++++ Input for this task ++++

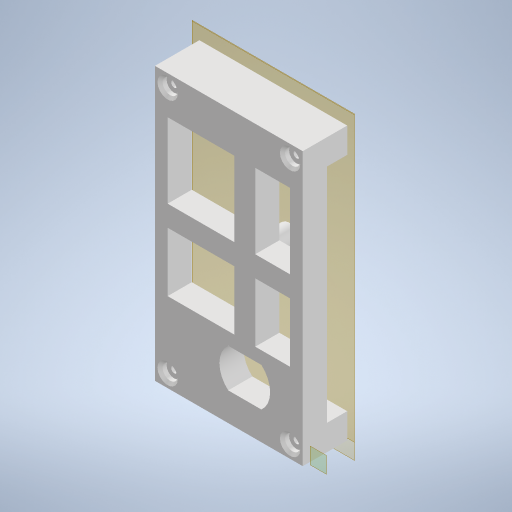
# Autodesk Inventor part: housingFront
Saved by Autodesk Inventor 2023 (Build 270158000, 158)
## iProperties
Created: 2023-03-11
Part Number: housingFront
Material: Generic
Document SubType Name: Modeling
Designer: shrey
Density: 1 g/cm^3
Appearance: Default
Author: shrey
Autodesk Inventor part; units mm, degrees
(part 1 of 2)
ref_plane "YZ Plane" through (0, 0, 0) normal (1, 0, 0) x (0, 1, 0)
ref_plane "XZ Plane" through (0, 0, 0) normal (0, 1, 0) x (-1, 0, 0)
ref_plane "XY Plane" through (0, 0, 0) normal (0, 0, 1) x (1, 0, 0)
ref_plane "Work Plane1" through (29.0854, -74.8946, 2) normal (0, 0, 1) x (1, 0, 0)
ref_plane "Work Plane2" through (29.0854, -80.3446, 2) normal (0, 0, 1) x (1, 0, 0)
sketch "Sketch3" plane through (29.0854, -80.3446, 2) normal (0, 0, 1) x (1, 0, 0)
  line L0 (29.0856, -48.6611) -> (29.0856, 58.6611) construction
  line L1 (29.0856, 58.6611) -> (-29.0856, 58.6611) construction
  line L2 (-29.0856, 58.6611) -> (-29.0856, -48.6611) construction
  line L3 (-29.0856, -48.6611) -> (29.0856, -48.6611) construction
  line L4 (29.0856, -48.6611) -> (-29.0856, -48.6611)
  line L5 (-29.0856, -48.6611) -> (-29.0856, 58.6611)
  line L6 (-29.0856, 58.6611) -> (29.0856, 58.6611)
  line L7 (29.0856, 58.6611) -> (29.0856, -48.6611)
  line L8 (29.0856, 48.6611) -> (-29.0856, 48.6611)
  spline S0 degree 3 poles (-74.8819, 38.2677) (-74.7621, 38.4578) (-74.5823, 38.743) (-74.3613, 39.1343) (-74.2025, 39.4317) (-74.052, 39.7333) (-73.9102, 40.0391) (-73.7782, 40.3493) (-73.6568, 40.6638) (-73.5477, 40.9828) (-73.4518, 41.306) (-73.3893, 41.58) (-73.3442, 41.8001) (-73.2966, 41.962) (-73.2322, 42.118) (-73.1482, 42.2647) (-73.0598, 42.3744) (-72.9799, 42.4536) (-72.9123, 42.5041) (-72.8431, 42.5525) (-72.7668, 42.5886) (-72.6893, 42.6221) (-72.6072, 42.6419) (-72.5245, 42.6586) (-72.4119, 42.6626) (-72.2715, 42.66) (-72.1312, 42.6626) (-72.0186, 42.6586) (-71.9359, 42.6419) (-71.8538, 42.6221) (-71.7763, 42.5886) (-71.7, 42.5525) (-71.6308, 42.5041) (-71.5632, 42.4536) (-71.4833, 42.3744) (-71.3948, 42.2647) (-71.3109, 42.118) (-71.2465, 41.962) (-71.1988, 41.8001) (-71.1538, 41.58) (-71.0913, 41.306) (-70.9954, 40.9828) (-70.8863, 40.6638) (-70.7649, 40.3493) (-70.6329, 40.0391) (-70.4911, 39.7333) (-70.3406, 39.4317) (-70.1818, 39.1343) (-69.9608, 38.743) (-69.781, 38.4578) (-69.6612, 38.2677) knots -1.0784 -1.0784 -1.0784 -1.0784 -1.010995 -0.977291 -0.943586 -0.909882 -0.876178 -0.842474 -0.80877 -0.775067 -0.741365 -0.707665 -0.690816 -0.67397 -0.657123 -0.640284 -0.623449 -0.615023 -0.606598 -0.598176 -0.589749 -0.581327 -0.572901 -0.564477 -0.556053 -0.5392 -0.522347 -0.513923 -0.505499 -0.497074 -0.488651 -0.480225 -0.471802 -0.463377 -0.454951 -0.438116 -0.421277 -0.40443 -0.387584 -0.370735 -0.337035 -0.303333 -0.26963 -0.235926 -0.202222 -0.168518 -0.134814 -0.101109 -0.067405 0 0 0 0 construction
  line L9 (-69.6612, 38.2677) -> (-68.5989, 38.2677) construction
  spline S1 degree 3 poles (-68.5989, 38.2677) (-68.4791, 38.4578) (-68.2993, 38.743) (-68.0783, 39.1343) (-67.9195, 39.4317) (-67.769, 39.7333) (-67.6272, 40.0391) (-67.4952, 40.3493) (-67.3738, 40.6638) (-67.2647, 40.9828) (-67.1688, 41.306) (-67.1063, 41.58) (-67.0612, 41.8001) (-67.0136, 41.962) (-66.9492, 42.118) (-66.8652, 42.2647) (-66.7768, 42.3744) (-66.6969, 42.4536) (-66.6293, 42.5041) (-66.5601, 42.5525) (-66.4838, 42.5886) (-66.4063, 42.6221) (-66.3242, 42.6419) (-66.2415, 42.6586) (-66.1289, 42.6626) (-65.9885, 42.66) (-65.8482, 42.6626) (-65.7356, 42.6586) (-65.6529, 42.6419) (-65.5708, 42.6221) (-65.4933, 42.5886) (-65.417, 42.5525) (-65.3478, 42.5041) (-65.2802, 42.4536) (-65.2003, 42.3744) (-65.1118, 42.2647) (-65.0279, 42.118) (-64.9635, 41.962) (-64.9158, 41.8001) (-64.8708, 41.58) (-64.8083, 41.306) (-64.7124, 40.9828) (-64.6033, 40.6638) (-64.4819, 40.3493) (-64.3499, 40.0391) (-64.2081, 39.7333) (-64.0576, 39.4317) (-63.8988, 39.1343) (-63.6778, 38.743) (-63.498, 38.4578) (-63.3782, 38.2677) knots -1.0784 -1.0784 -1.0784 -1.0784 -1.010995 -0.977291 -0.943586 -0.909882 -0.876178 -0.842474 -0.80877 -0.775067 -0.741365 -0.707665 -0.690816 -0.67397 -0.657123 -0.640284 -0.623449 -0.615023 -0.606598 -0.598176 -0.589749 -0.581327 -0.572901 -0.564477 -0.556053 -0.5392 -0.522347 -0.513923 -0.505499 -0.497074 -0.488651 -0.480225 -0.471802 -0.463377 -0.454951 -0.438116 -0.421277 -0.40443 -0.387584 -0.370735 -0.337035 -0.303333 -0.26963 -0.235926 -0.202222 -0.168518 -0.134814 -0.101109 -0.067405 0 0 0 0 construction
  line L10 (-63.3782, 38.2677) -> (-62.3159, 38.2677) construction
  spline S2 degree 3 poles (-62.3159, 38.2677) (-62.1961, 38.4578) (-62.0163, 38.743) (-61.7953, 39.1343) (-61.6365, 39.4317) (-61.486, 39.7333) (-61.3442, 40.0391) (-61.2122, 40.3493) (-61.0908, 40.6638) (-60.9817, 40.9828) (-60.8858, 41.306) (-60.8233, 41.58) (-60.7782, 41.8001) (-60.7306, 41.962) (-60.6662, 42.118) (-60.5822, 42.2647) (-60.4938, 42.3744) (-60.4139, 42.4536) (-60.3463, 42.5041) (-60.2771, 42.5525) (-60.2008, 42.5886) (-60.1233, 42.6221) (-60.0412, 42.6419) (-59.9585, 42.6586) (-59.8459, 42.6626) (-59.7055, 42.66) (-59.5652, 42.6626) (-59.4526, 42.6586) (-59.3699, 42.6419) (-59.2878, 42.6221) (-59.2103, 42.5886) (-59.134, 42.5525) (-59.0648, 42.5041) (-58.9972, 42.4536) (-58.9173, 42.3744) (-58.8288, 42.2647) (-58.7449, 42.118) (-58.6805, 41.962) (-58.6328, 41.8001) (-58.5878, 41.58) (-58.5253, 41.306) (-58.4294, 40.9828) (-58.3203, 40.6638) (-58.1989, 40.3493) (-58.0669, 40.0391) (-57.9251, 39.7333) (-57.7746, 39.4317) (-57.6158, 39.1343) (-57.3948, 38.743) (-57.215, 38.4578) (-57.0952, 38.2677) knots -1.0784 -1.0784 -1.0784 -1.0784 -1.010995 -0.977291 -0.943586 -0.909882 -0.876178 -0.842474 -0.80877 -0.775067 -0.741365 -0.707665 -0.690816 -0.67397 -0.657123 -0.640284 -0.623449 -0.615023 -0.606598 -0.598176 -0.589749 -0.581327 -0.572901 -0.564477 -0.556053 -0.5392 -0.522347 -0.513923 -0.505499 -0.497074 -0.488651 -0.480225 -0.471802 -0.463377 -0.454951 -0.438116 -0.421277 -0.40443 -0.387584 -0.370735 -0.337035 -0.303333 -0.26963 -0.235926 -0.202222 -0.168518 -0.134814 -0.101109 -0.067405 0 0 0 0 construction
  line L11 (-57.0952, 38.2677) -> (-56.0329, 38.2677) construction
  spline S3 degree 3 poles (-56.0329, 38.2677) (-55.9131, 38.4578) (-55.7333, 38.743) (-55.5123, 39.1343) (-55.3535, 39.4317) (-55.203, 39.7333) (-55.0612, 40.0391) (-54.9292, 40.3493) (-54.8078, 40.6638) (-54.6987, 40.9828) (-54.6028, 41.306) (-54.5403, 41.58) (-54.4952, 41.8001) (-54.4476, 41.962) (-54.3832, 42.118) (-54.2992, 42.2647) (-54.2108, 42.3744) (-54.1309, 42.4536) (-54.0633, 42.5041) (-53.9941, 42.5525) (-53.9178, 42.5886) (-53.8403, 42.6221) (-53.7582, 42.6419) (-53.6755, 42.6586) (-53.5629, 42.6626) (-53.4225, 42.66) (-53.2822, 42.6626) (-53.1696, 42.6586) (-53.0869, 42.6419) (-53.0048, 42.6221) (-52.9273, 42.5886) (-52.851, 42.5525) (-52.7818, 42.5041) (-52.7142, 42.4536) (-52.6343, 42.3744) (-52.5458, 42.2647) (-52.4619, 42.118) (-52.3975, 41.962) (-52.3498, 41.8001) (-52.3048, 41.58) (-52.2423, 41.306) (-52.1464, 40.9828) (-52.0373, 40.6638) (-51.9159, 40.3493) (-51.7839, 40.0391) (-51.6421, 39.7333) (-51.4916, 39.4317) (-51.3328, 39.1343) (-51.1118, 38.743) (-50.932, 38.4578) (-50.8122, 38.2677) knots -1.0784 -1.0784 -1.0784 -1.0784 -1.010995 -0.977291 -0.943586 -0.909882 -0.876178 -0.842474 -0.80877 -0.775067 -0.741365 -0.707665 -0.690816 -0.67397 -0.657123 -0.640284 -0.623449 -0.615023 -0.606598 -0.598176 -0.589749 -0.581327 -0.572901 -0.564477 -0.556053 -0.5392 -0.522347 -0.513923 -0.505499 -0.497074 -0.488651 -0.480225 -0.471802 -0.463377 -0.454951 -0.438116 -0.421277 -0.40443 -0.387584 -0.370735 -0.337035 -0.303333 -0.26963 -0.235926 -0.202222 -0.168518 -0.134814 -0.101109 -0.067405 0 0 0 0 construction
  line L12 (-50.8122, 38.2677) -> (-49.7499, 38.2677) construction
  spline S4 degree 3 poles (-49.7499, 38.2677) (-49.6301, 38.4578) (-49.4503, 38.743) (-49.2293, 39.1343) (-49.0705, 39.4317) (-48.92, 39.7333) (-48.7782, 40.0391) (-48.6462, 40.3493) (-48.5248, 40.6638) (-48.4157, 40.9828) (-48.3198, 41.306) (-48.2573, 41.58) (-48.2122, 41.8001) (-48.1646, 41.962) (-48.1002, 42.118) (-48.0162, 42.2647) (-47.9278, 42.3744) (-47.8479, 42.4536) (-47.7803, 42.5041) (-47.7111, 42.5525) (-47.6348, 42.5886) (-47.5573, 42.6221) (-47.4752, 42.6419) (-47.3925, 42.6586) (-47.2799, 42.6626) (-47.1395, 42.66) (-46.9992, 42.6626) (-46.8866, 42.6586) (-46.8039, 42.6419) (-46.7218, 42.6221) (-46.6443, 42.5886) (-46.568, 42.5525) (-46.4988, 42.5041) (-46.4312, 42.4536) (-46.3513, 42.3744) (-46.2628, 42.2647) (-46.1789, 42.118) (-46.1145, 41.962) (-46.0668, 41.8001) (-46.0218, 41.58) (-45.9593, 41.306) (-45.8634, 40.9828) (-45.7543, 40.6638) (-45.6329, 40.3493) (-45.5009, 40.0391) (-45.3591, 39.7333) (-45.2086, 39.4317) (-45.0498, 39.1343) (-44.8288, 38.743) (-44.649, 38.4578) (-44.5292, 38.2677) knots -1.0784 -1.0784 -1.0784 -1.0784 -1.010995 -0.977291 -0.943586 -0.909882 -0.876178 -0.842474 -0.80877 -0.775067 -0.741365 -0.707665 -0.690816 -0.67397 -0.657123 -0.640284 -0.623449 -0.615023 -0.606598 -0.598176 -0.589749 -0.581327 -0.572901 -0.564477 -0.556053 -0.5392 -0.522347 -0.513923 -0.505499 -0.497074 -0.488651 -0.480225 -0.471802 -0.463377 -0.454951 -0.438116 -0.421277 -0.40443 -0.387584 -0.370735 -0.337035 -0.303333 -0.26963 -0.235926 -0.202222 -0.168518 -0.134814 -0.101109 -0.067405 0 0 0 0 construction
  line L13 (-44.5292, 38.2677) -> (-43.4669, 38.2677) construction
  spline S5 degree 3 poles (-43.4669, 38.2677) (-43.3471, 38.4578) (-43.1673, 38.743) (-42.9463, 39.1343) (-42.7875, 39.4317) (-42.637, 39.7333) (-42.4952, 40.0391) (-42.3632, 40.3493) (-42.2418, 40.6638) (-42.1327, 40.9828) (-42.0368, 41.306) (-41.9743, 41.58) (-41.9292, 41.8001) (-41.8816, 41.962) (-41.8172, 42.118) (-41.7332, 42.2647) (-41.6448, 42.3744) (-41.5649, 42.4536) (-41.4973, 42.5041) (-41.4281, 42.5525) (-41.3518, 42.5886) (-41.2743, 42.6221) (-41.1922, 42.6419) (-41.1095, 42.6586) (-40.9969, 42.6626) (-40.8565, 42.66) (-40.7162, 42.6626) (-40.6036, 42.6586) (-40.5209, 42.6419) (-40.4388, 42.6221) (-40.3613, 42.5886) (-40.285, 42.5525) (-40.2158, 42.5041) (-40.1482, 42.4536) (-40.0683, 42.3744) (-39.9798, 42.2647) (-39.8959, 42.118) (-39.8315, 41.962) (-39.7838, 41.8001) (-39.7388, 41.58) (-39.6763, 41.306) (-39.5804, 40.9828) (-39.4713, 40.6638) (-39.3499, 40.3493) (-39.2179, 40.0391) (-39.0761, 39.7333) (-38.9256, 39.4317) (-38.7668, 39.1343) (-38.5458, 38.743) (-38.366, 38.4578) (-38.2462, 38.2677) knots -1.0784 -1.0784 -1.0784 -1.0784 -1.010995 -0.977291 -0.943586 -0.909882 -0.876178 -0.842474 -0.80877 -0.775067 -0.741365 -0.707665 -0.690816 -0.67397 -0.657123 -0.640284 -0.623449 -0.615023 -0.606598 -0.598176 -0.589749 -0.581327 -0.572901 -0.564477 -0.556053 -0.5392 -0.522347 -0.513923 -0.505499 -0.497074 -0.488651 -0.480225 -0.471802 -0.463377 -0.454951 -0.438116 -0.421277 -0.40443 -0.387584 -0.370735 -0.337035 -0.303333 -0.26963 -0.235926 -0.202222 -0.168518 -0.134814 -0.101109 -0.067405 0 0 0 0 construction
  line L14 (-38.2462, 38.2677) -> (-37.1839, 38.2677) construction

++++

:: Activity ::
Within the material above, the line with "spline S3 degree" opens the range and the line with "line L12 (-50.8122, 38.2677)" closes it; reproduce that range word for word.

:: Response to this task ::
  spline S3 degree 3 poles (-56.0329, 38.2677) (-55.9131, 38.4578) (-55.7333, 38.743) (-55.5123, 39.1343) (-55.3535, 39.4317) (-55.203, 39.7333) (-55.0612, 40.0391) (-54.9292, 40.3493) (-54.8078, 40.6638) (-54.6987, 40.9828) (-54.6028, 41.306) (-54.5403, 41.58) (-54.4952, 41.8001) (-54.4476, 41.962) (-54.3832, 42.118) (-54.2992, 42.2647) (-54.2108, 42.3744) (-54.1309, 42.4536) (-54.0633, 42.5041) (-53.9941, 42.5525) (-53.9178, 42.5886) (-53.8403, 42.6221) (-53.7582, 42.6419) (-53.6755, 42.6586) (-53.5629, 42.6626) (-53.4225, 42.66) (-53.2822, 42.6626) (-53.1696, 42.6586) (-53.0869, 42.6419) (-53.0048, 42.6221) (-52.9273, 42.5886) (-52.851, 42.5525) (-52.7818, 42.5041) (-52.7142, 42.4536) (-52.6343, 42.3744) (-52.5458, 42.2647) (-52.4619, 42.118) (-52.3975, 41.962) (-52.3498, 41.8001) (-52.3048, 41.58) (-52.2423, 41.306) (-52.1464, 40.9828) (-52.0373, 40.6638) (-51.9159, 40.3493) (-51.7839, 40.0391) (-51.6421, 39.7333) (-51.4916, 39.4317) (-51.3328, 39.1343) (-51.1118, 38.743) (-50.932, 38.4578) (-50.8122, 38.2677) knots -1.0784 -1.0784 -1.0784 -1.0784 -1.010995 -0.977291 -0.943586 -0.909882 -0.876178 -0.842474 -0.80877 -0.775067 -0.741365 -0.707665 -0.690816 -0.67397 -0.657123 -0.640284 -0.623449 -0.615023 -0.606598 -0.598176 -0.589749 -0.581327 -0.572901 -0.564477 -0.556053 -0.5392 -0.522347 -0.513923 -0.505499 -0.497074 -0.488651 -0.480225 -0.471802 -0.463377 -0.454951 -0.438116 -0.421277 -0.40443 -0.387584 -0.370735 -0.337035 -0.303333 -0.26963 -0.235926 -0.202222 -0.168518 -0.134814 -0.101109 -0.067405 0 0 0 0 construction
  line L12 (-50.8122, 38.2677) -> (-49.7499, 38.2677) construction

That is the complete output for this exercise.